*** Listed entries ***
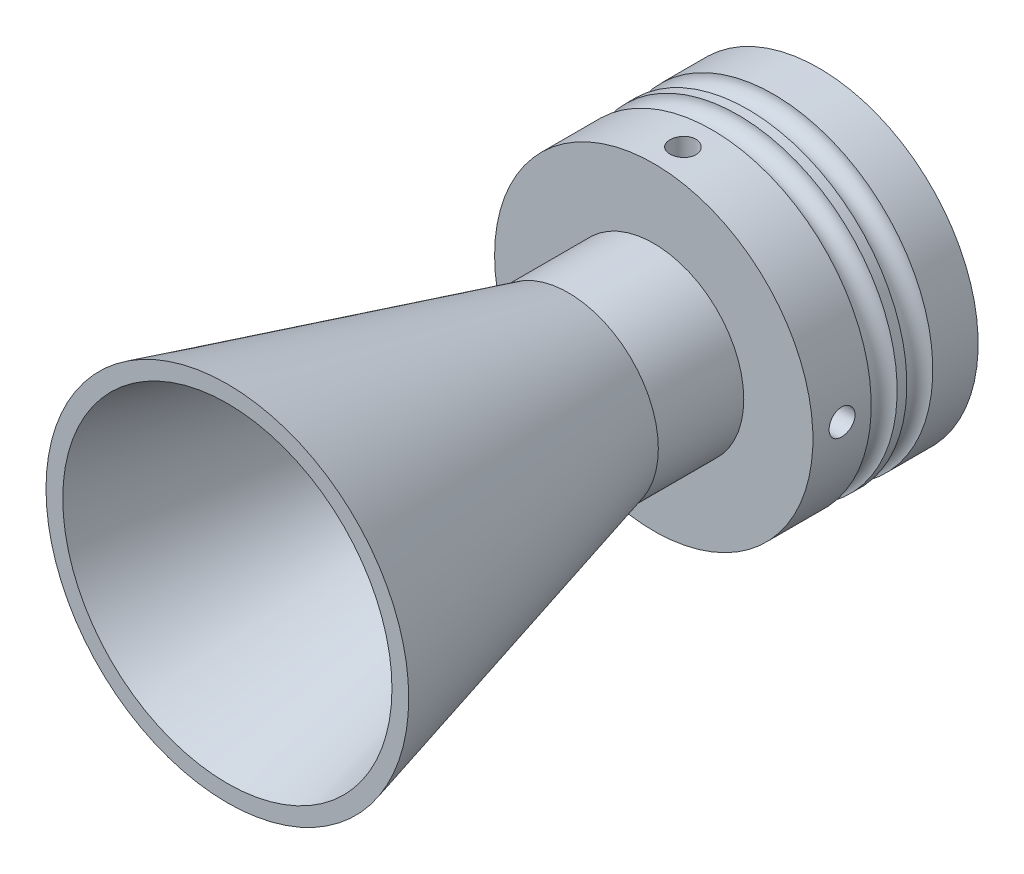
ISO-10303-21;
HEADER;
FILE_DESCRIPTION(('STEP AP214'),'2;1');
FILE_NAME('part.step','',(''),(''),'','','');
FILE_SCHEMA(('AUTOMOTIVE_DESIGN { 1 0 10303 214 1 1 1 1 }'));
ENDSEC;
DATA;
#1=APPLICATION_CONTEXT('core data for automotive mechanical design processes');
#2=APPLICATION_PROTOCOL_DEFINITION('international standard','automotive_design',2000,#1);
#3=PRODUCT_CONTEXT('',#1,'mechanical');
#4=PRODUCT('Part','Part','',(#3));
#5=PRODUCT_RELATED_PRODUCT_CATEGORY('part','',(#4));
#6=PRODUCT_DEFINITION_FORMATION('','',#4);
#7=PRODUCT_DEFINITION_CONTEXT('part definition',#1,'design');
#8=PRODUCT_DEFINITION('design','',#6,#7);
#9=PRODUCT_DEFINITION_SHAPE('','',#8);
#10=(LENGTH_UNIT() NAMED_UNIT(*) SI_UNIT(.MILLI.,.METRE.));
#11=(NAMED_UNIT(*) PLANE_ANGLE_UNIT() SI_UNIT($,.RADIAN.));
#12=(NAMED_UNIT(*) SI_UNIT($,.STERADIAN.) SOLID_ANGLE_UNIT());
#13=UNCERTAINTY_MEASURE_WITH_UNIT(LENGTH_MEASURE(1.E-05),#10,'distance_accuracy_value','');
#14=(GEOMETRIC_REPRESENTATION_CONTEXT(3) GLOBAL_UNCERTAINTY_ASSIGNED_CONTEXT((#13)) GLOBAL_UNIT_ASSIGNED_CONTEXT((#10,
#11,#12)) REPRESENTATION_CONTEXT('',''));
#15=CARTESIAN_POINT('',(0.,0.,0.));
#16=DIRECTION('',(0.,0.,1.));
#17=DIRECTION('',(1.,0.,0.));
#18=AXIS2_PLACEMENT_3D('',#15,#16,#17);
#19=CARTESIAN_POINT('',(0.,0.,-75.3084405577299));
#20=DIRECTION('',(0.,0.,-1.));
#21=DIRECTION('',(-1.,0.,0.));
#22=AXIS2_PLACEMENT_3D('',#19,#20,#21);
#23=CYLINDRICAL_SURFACE('',#22,24.5618);
#24=CARTESIAN_POINT('',(0.,0.,-27.1443538460579));
#25=DIRECTION('',(0.,0.,-1.));
#26=DIRECTION('',(-1.,0.,0.));
#27=AXIS2_PLACEMENT_3D('',#24,#25,#26);
#28=CIRCLE('',#27,24.5618);
#29=CARTESIAN_POINT('',(-24.5618,0.,-27.1443538460579));
#30=VERTEX_POINT('',#29);
#31=EDGE_CURVE('E117',#30,#30,#28,.T.);
#32=ORIENTED_EDGE('',*,*,#31,.F.);
#33=EDGE_LOOP('',(#32));
#34=FACE_BOUND('',#33,.T.);
#35=CARTESIAN_POINT('',(0.,0.,-20.1443538460579));
#36=DIRECTION('',(0.,0.,-1.));
#37=DIRECTION('',(-1.,0.,0.));
#38=AXIS2_PLACEMENT_3D('',#35,#36,#37);
#39=CIRCLE('',#38,24.5618);
#40=CARTESIAN_POINT('',(-24.5618,0.,-20.1443538460579));
#41=VERTEX_POINT('',#40);
#42=EDGE_CURVE('E84',#41,#41,#39,.T.);
#43=ORIENTED_EDGE('',*,*,#42,.T.);
#44=EDGE_LOOP('',(#43));
#45=FACE_BOUND('',#44,.T.);
#46=ADVANCED_FACE('F39',(#34,#45),#23,.T.);
#47=CARTESIAN_POINT('',(0.,0.,-27.1443538460579));
#48=DIRECTION('',(0.,0.,-1.));
#49=DIRECTION('',(-1.,0.,0.));
#50=AXIS2_PLACEMENT_3D('',#47,#48,#49);
#51=CONICAL_SURFACE('',#50,24.5618,0.5235987755983);
#52=CARTESIAN_POINT('',(0.,0.,0.));
#53=DIRECTION('',(0.,0.,-1.));
#54=DIRECTION('',(-1.,0.,0.));
#55=AXIS2_PLACEMENT_3D('',#52,#53,#54);
#56=CIRCLE('',#55,8.89000000000001);
#57=CARTESIAN_POINT('',(-8.89000000000001,0.,0.));
#58=VERTEX_POINT('',#57);
#59=EDGE_CURVE('E114',#58,#58,#56,.T.);
#60=ORIENTED_EDGE('',*,*,#59,.F.);
#61=EDGE_LOOP('',(#60));
#62=FACE_BOUND('',#61,.T.);
#63=ORIENTED_EDGE('',*,*,#31,.T.);
#64=EDGE_LOOP('',(#63));
#65=FACE_BOUND('',#64,.T.);
#66=ADVANCED_FACE('F165',(#62,#65),#51,.F.);
#67=CARTESIAN_POINT('',(0.,0.,-75.3084405577299));
#68=DIRECTION('',(0.,0.,-1.));
#69=DIRECTION('',(-1.,0.,0.));
#70=AXIS2_PLACEMENT_3D('',#67,#68,#69);
#71=CYLINDRICAL_SURFACE('',#70,8.89000000000001);
#72=CARTESIAN_POINT('',(0.,0.,2.54));
#73=DIRECTION('',(0.,0.,-1.));
#74=DIRECTION('',(-1.,0.,0.));
#75=AXIS2_PLACEMENT_3D('',#72,#73,#74);
#76=CIRCLE('',#75,8.89000000000001);
#77=CARTESIAN_POINT('',(-8.89000000000001,0.,2.54));
#78=VERTEX_POINT('',#77);
#79=EDGE_CURVE('E111',#78,#78,#76,.T.);
#80=ORIENTED_EDGE('',*,*,#79,.F.);
#81=EDGE_LOOP('',(#80));
#82=FACE_BOUND('',#81,.T.);
#83=ORIENTED_EDGE('',*,*,#59,.T.);
#84=EDGE_LOOP('',(#83));
#85=FACE_BOUND('',#84,.T.);
#86=ADVANCED_FACE('F170',(#82,#85),#71,.F.);
#87=CARTESIAN_POINT('',(0.,0.,2.54));
#88=DIRECTION('',(0.,0.,1.));
#89=DIRECTION('',(1.,0.,0.));
#90=AXIS2_PLACEMENT_3D('',#87,#88,#89);
#91=CONICAL_SURFACE('',#90,8.89000000000001,0.26179938779915);
#92=CARTESIAN_POINT('',(0.,0.,64.1561588329619));
#93=DIRECTION('',(0.,0.,-1.));
#94=DIRECTION('',(-1.,0.,0.));
#95=AXIS2_PLACEMENT_3D('',#92,#93,#94);
#96=CIRCLE('',#95,25.4);
#97=CARTESIAN_POINT('',(-25.4,0.,64.1561588329619));
#98=VERTEX_POINT('',#97);
#99=EDGE_CURVE('E108',#98,#98,#96,.T.);
#100=ORIENTED_EDGE('',*,*,#99,.F.);
#101=EDGE_LOOP('',(#100));
#102=FACE_BOUND('',#101,.T.);
#103=ORIENTED_EDGE('',*,*,#79,.T.);
#104=EDGE_LOOP('',(#103));
#105=FACE_BOUND('',#104,.T.);
#106=ADVANCED_FACE('F182',(#102,#105),#91,.F.);
#107=CARTESIAN_POINT('',(25.4,0.,64.156158832962));
#108=DIRECTION('',(0.,0.,-1.));
#109=DIRECTION('',(-1.,0.,0.));
#110=AXIS2_PLACEMENT_3D('',#107,#108,#109);
#111=PLANE('',#110);
#112=CARTESIAN_POINT('',(0.,0.,64.1561588329619));
#113=DIRECTION('',(0.,0.,-1.));
#114=DIRECTION('',(-1.,0.,0.));
#115=AXIS2_PLACEMENT_3D('',#112,#113,#114);
#116=CIRCLE('',#115,27.9881904510252);
#117=CARTESIAN_POINT('',(-27.9881904510252,0.,64.1561588329619));
#118=VERTEX_POINT('',#117);
#119=EDGE_CURVE('E105',#118,#118,#116,.T.);
#120=ORIENTED_EDGE('',*,*,#119,.F.);
#121=EDGE_LOOP('',(#120));
#122=FACE_BOUND('',#121,.T.);
#123=ORIENTED_EDGE('',*,*,#99,.T.);
#124=EDGE_LOOP('',(#123));
#125=FACE_BOUND('',#124,.T.);
#126=ADVANCED_FACE('F189',(#122,#125),#111,.F.);
#127=CARTESIAN_POINT('',(0.,0.,64.1561588329619));
#128=DIRECTION('',(0.,0.,1.));
#129=DIRECTION('',(1.,0.,0.));
#130=AXIS2_PLACEMENT_3D('',#127,#128,#129);
#131=CONICAL_SURFACE('',#130,27.9881904510252,0.261799387799151);
#132=CARTESIAN_POINT('',(0.,0.,11.5409957749537));
#133=DIRECTION('',(0.,0.,-1.));
#134=DIRECTION('',(-1.,0.,0.));
#135=AXIS2_PLACEMENT_3D('',#132,#133,#134);
#136=CIRCLE('',#135,13.89);
#137=CARTESIAN_POINT('',(-13.89,0.,11.5409957749537));
#138=VERTEX_POINT('',#137);
#139=EDGE_CURVE('E102',#138,#138,#136,.T.);
#140=ORIENTED_EDGE('',*,*,#139,.F.);
#141=EDGE_LOOP('',(#140));
#142=FACE_BOUND('',#141,.T.);
#143=ORIENTED_EDGE('',*,*,#119,.T.);
#144=EDGE_LOOP('',(#143));
#145=FACE_BOUND('',#144,.T.);
#146=ADVANCED_FACE('F193',(#142,#145),#131,.T.);
#147=CARTESIAN_POINT('',(0.,0.,-75.3084405577299));
#148=DIRECTION('',(0.,0.,-1.));
#149=DIRECTION('',(-1.,0.,0.));
#150=AXIS2_PLACEMENT_3D('',#147,#148,#149);
#151=CYLINDRICAL_SURFACE('',#150,13.89);
#152=CARTESIAN_POINT('',(0.,0.,-1.64435384605786));
#153=DIRECTION('',(0.,0.,-1.));
#154=DIRECTION('',(-1.,0.,0.));
#155=AXIS2_PLACEMENT_3D('',#152,#153,#154);
#156=CIRCLE('',#155,13.89);
#157=CARTESIAN_POINT('',(-13.89,0.,-1.64435384605786));
#158=VERTEX_POINT('',#157);
#159=EDGE_CURVE('E99',#158,#158,#156,.T.);
#160=ORIENTED_EDGE('',*,*,#159,.F.);
#161=EDGE_LOOP('',(#160));
#162=FACE_BOUND('',#161,.T.);
#163=ORIENTED_EDGE('',*,*,#139,.T.);
#164=EDGE_LOOP('',(#163));
#165=FACE_BOUND('',#164,.T.);
#166=ADVANCED_FACE('F197',(#162,#165),#151,.T.);
#167=CARTESIAN_POINT('',(13.89,0.,-1.64435384605787));
#168=DIRECTION('',(0.,0.,-1.));
#169=DIRECTION('',(-1.,0.,0.));
#170=AXIS2_PLACEMENT_3D('',#167,#168,#169);
#171=PLANE('',#170);
#172=CARTESIAN_POINT('',(0.,0.,-1.64435384605786));
#173=DIRECTION('',(0.,0.,-1.));
#174=DIRECTION('',(-1.,0.,0.));
#175=AXIS2_PLACEMENT_3D('',#172,#173,#174);
#176=CIRCLE('',#175,24.5618);
#177=CARTESIAN_POINT('',(-24.5618,0.,-1.64435384605786));
#178=VERTEX_POINT('',#177);
#179=EDGE_CURVE('E96',#178,#178,#176,.T.);
#180=ORIENTED_EDGE('',*,*,#179,.F.);
#181=EDGE_LOOP('',(#180));
#182=FACE_BOUND('',#181,.T.);
#183=ORIENTED_EDGE('',*,*,#159,.T.);
#184=EDGE_LOOP('',(#183));
#185=FACE_BOUND('',#184,.T.);
#186=ADVANCED_FACE('F160',(#182,#185),#171,.F.);
#187=CARTESIAN_POINT('',(0.,0.,-75.3084405577299));
#188=DIRECTION('',(0.,0.,-1.));
#189=DIRECTION('',(-1.,0.,0.));
#190=AXIS2_PLACEMENT_3D('',#187,#188,#189);
#191=CYLINDRICAL_SURFACE('',#190,24.5618);
#192=CARTESIAN_POINT('',(0.,24.5618,-4.14435384605787));
#193=CARTESIAN_POINT('',(-0.112141593484284,24.5617989315381,-4.14435874811145));
#194=CARTESIAN_POINT('',(-0.224359753682799,24.5610238041837,-4.15381737125759));
#195=CARTESIAN_POINT('',(-0.445691870877797,24.5580061929669,-4.19141078284148));
#196=CARTESIAN_POINT('',(-0.554802154040363,24.5557620420353,-4.21956678986824));
#197=CARTESIAN_POINT('',(-0.76668086212744,24.5500600119672,-4.29373593751335));
#198=CARTESIAN_POINT('',(-0.869452812845445,24.5466028148983,-4.33973904465828));
#199=CARTESIAN_POINT('',(-1.06579142249106,24.5388625155217,-4.4482787512852));
#200=CARTESIAN_POINT('',(-1.15936005884735,24.5345795912182,-4.51081178844397));
#201=CARTESIAN_POINT('',(-1.33488912846614,24.5256568334725,-4.65080123813603));
#202=CARTESIAN_POINT('',(-1.4168240164639,24.5210162481033,-4.72828963608943));
#203=CARTESIAN_POINT('',(-1.56654063553194,24.5119075106196,-4.89592272796304));
#204=CARTESIAN_POINT('',(-1.63432174808216,24.5074393660477,-4.98606797469985));
#205=CARTESIAN_POINT('',(-1.75389264893964,24.4991732510783,-5.17660979689365));
#206=CARTESIAN_POINT('',(-1.80566007898563,24.4953762208288,-5.27702044713277));
#207=CARTESIAN_POINT('',(-1.89159128999419,24.4888907359153,-5.4851446433521));
#208=CARTESIAN_POINT('',(-1.92575536924911,24.4862022624667,-5.59285806555036));
#209=CARTESIAN_POINT('',(-1.97543622928937,24.4822445277374,-5.81227496931943));
#210=CARTESIAN_POINT('',(-1.99099451343345,24.4809721081522,-5.92396899570661));
#211=CARTESIAN_POINT('',(-2.00315034735945,24.4799805359079,-6.14838983226583));
#212=CARTESIAN_POINT('',(-1.99974823837185,24.4802613552951,-6.26111662381474));
#213=CARTESIAN_POINT('',(-1.97411417310895,24.4823416649176,-6.48411883851087));
#214=CARTESIAN_POINT('',(-1.95192730226052,24.4841375188718,-6.59439948287932));
#215=CARTESIAN_POINT('',(-1.88942355030596,24.489039839819,-6.80966628066148));
#216=CARTESIAN_POINT('',(-1.84910649915756,24.4921463191043,-6.91465238440762));
#217=CARTESIAN_POINT('',(-1.75143628711684,24.4993240464494,-7.11649373201899));
#218=CARTESIAN_POINT('',(-1.69406287524686,24.5033964401687,-7.21333913412472));
#219=CARTESIAN_POINT('',(-1.56392316815058,24.5120460643315,-7.39604236984987));
#220=CARTESIAN_POINT('',(-1.49115657548718,24.5166233045293,-7.48189999110476));
#221=CARTESIAN_POINT('',(-1.33204310256705,24.5257830444986,-7.64045264753241));
#222=CARTESIAN_POINT('',(-1.24565724111137,24.5303655206868,-7.71310857074023));
#223=CARTESIAN_POINT('',(-1.06189347076513,24.5390066648017,-7.84289306470512));
#224=CARTESIAN_POINT('',(-0.964515554959158,24.5430653323989,-7.90002162569339));
#225=CARTESIAN_POINT('',(-0.761506630046313,24.5502022750295,-7.99712720033692));
#226=CARTESIAN_POINT('',(-0.655874801100778,24.5532804525189,-8.03710250763984));
#227=CARTESIAN_POINT('',(-0.439368106974057,24.5581084499974,-8.0987395689671));
#228=CARTESIAN_POINT('',(-0.328493345726816,24.5598582963071,-8.12040168586476));
#229=CARTESIAN_POINT('',(-0.104987164495274,24.5618290904761,-8.14474848032969));
#230=CARTESIAN_POINT('',(0.0076383333010981,24.5620543911013,-8.14748718703832));
#231=CARTESIAN_POINT('',(0.231746894714884,24.5609623288912,-8.1340509187828));
#232=CARTESIAN_POINT('',(0.343229968490891,24.5596449797854,-8.11787611214773));
#233=CARTESIAN_POINT('',(0.561735222455953,24.5556185842572,-8.0671167370458));
#234=CARTESIAN_POINT('',(0.668763251956354,24.5529114291862,-8.03255718559925));
#235=CARTESIAN_POINT('',(0.875501407121716,24.5464095806382,-7.94603487634939));
#236=CARTESIAN_POINT('',(0.975211422133711,24.5426148707209,-7.89407185546079));
#237=CARTESIAN_POINT('',(1.16472918322411,24.5343525505745,-7.77408168900205));
#238=CARTESIAN_POINT('',(1.25451418216037,24.5298834479219,-7.70601871994223));
#239=CARTESIAN_POINT('',(1.4214036910347,24.5207795496767,-7.55581250407189));
#240=CARTESIAN_POINT('',(1.49850799057751,24.5161447513364,-7.47366902368693));
#241=CARTESIAN_POINT('',(1.63803248389374,24.5072189736169,-7.29739922260193));
#242=CARTESIAN_POINT('',(1.70041744147482,24.502928835165,-7.20324496259505));
#243=CARTESIAN_POINT('',(1.80849082929525,24.4951899013911,-7.00576550443095));
#244=CARTESIAN_POINT('',(1.85417941976015,24.4917410979954,-6.902440394293));
#245=CARTESIAN_POINT('',(1.92750301656592,24.4860799528597,-6.68967742881287));
#246=CARTESIAN_POINT('',(1.9551596554701,24.4838661300012,-6.58024706962489));
#247=CARTESIAN_POINT('',(1.99170473323817,24.4809205894277,-6.35827713287327));
#248=CARTESIAN_POINT('',(2.00059351439776,24.480188844682,-6.2457376120537));
#249=CARTESIAN_POINT('',(1.9993466786577,24.480290681317,-6.0210941229522));
#250=CARTESIAN_POINT('',(1.98926642817877,24.4811197071557,-5.90898984114361));
#251=CARTESIAN_POINT('',(1.95048305264641,24.4842399975029,-5.68807196734506));
#252=CARTESIAN_POINT('',(1.92177989854078,24.4865312642925,-5.57925838048896));
#253=CARTESIAN_POINT('',(1.84657937422165,24.4923166738984,-5.36800665859296));
#254=CARTESIAN_POINT('',(1.80008293099049,24.4958107540505,-5.26556819174969));
#255=CARTESIAN_POINT('',(1.69062199128293,24.5036081825676,-5.06994234042215));
#256=CARTESIAN_POINT('',(1.62765777053335,24.5079115173826,-4.97675480108181));
#257=CARTESIAN_POINT('',(1.48684069912956,24.5168574897544,-4.80199285502212));
#258=CARTESIAN_POINT('',(1.40894691182899,24.5215010380279,-4.72045148042844));
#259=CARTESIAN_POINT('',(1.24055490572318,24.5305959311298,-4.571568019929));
***
## What this task involves
If a line comes after the line with "#9=PRODUCT_DEFINITION_SHAPE('','',#8);", it stays out; print exactly every line from the start of the entries up to and including that line, but no pictures.

## Solution to this task
ISO-10303-21;
HEADER;
FILE_DESCRIPTION(('STEP AP214'),'2;1');
FILE_NAME('part.step','',(''),(''),'','','');
FILE_SCHEMA(('AUTOMOTIVE_DESIGN { 1 0 10303 214 1 1 1 1 }'));
ENDSEC;
DATA;
#1=APPLICATION_CONTEXT('core data for automotive mechanical design processes');
#2=APPLICATION_PROTOCOL_DEFINITION('international standard','automotive_design',2000,#1);
#3=PRODUCT_CONTEXT('',#1,'mechanical');
#4=PRODUCT('Part','Part','',(#3));
#5=PRODUCT_RELATED_PRODUCT_CATEGORY('part','',(#4));
#6=PRODUCT_DEFINITION_FORMATION('','',#4);
#7=PRODUCT_DEFINITION_CONTEXT('part definition',#1,'design');
#8=PRODUCT_DEFINITION('design','',#6,#7);
#9=PRODUCT_DEFINITION_SHAPE('','',#8);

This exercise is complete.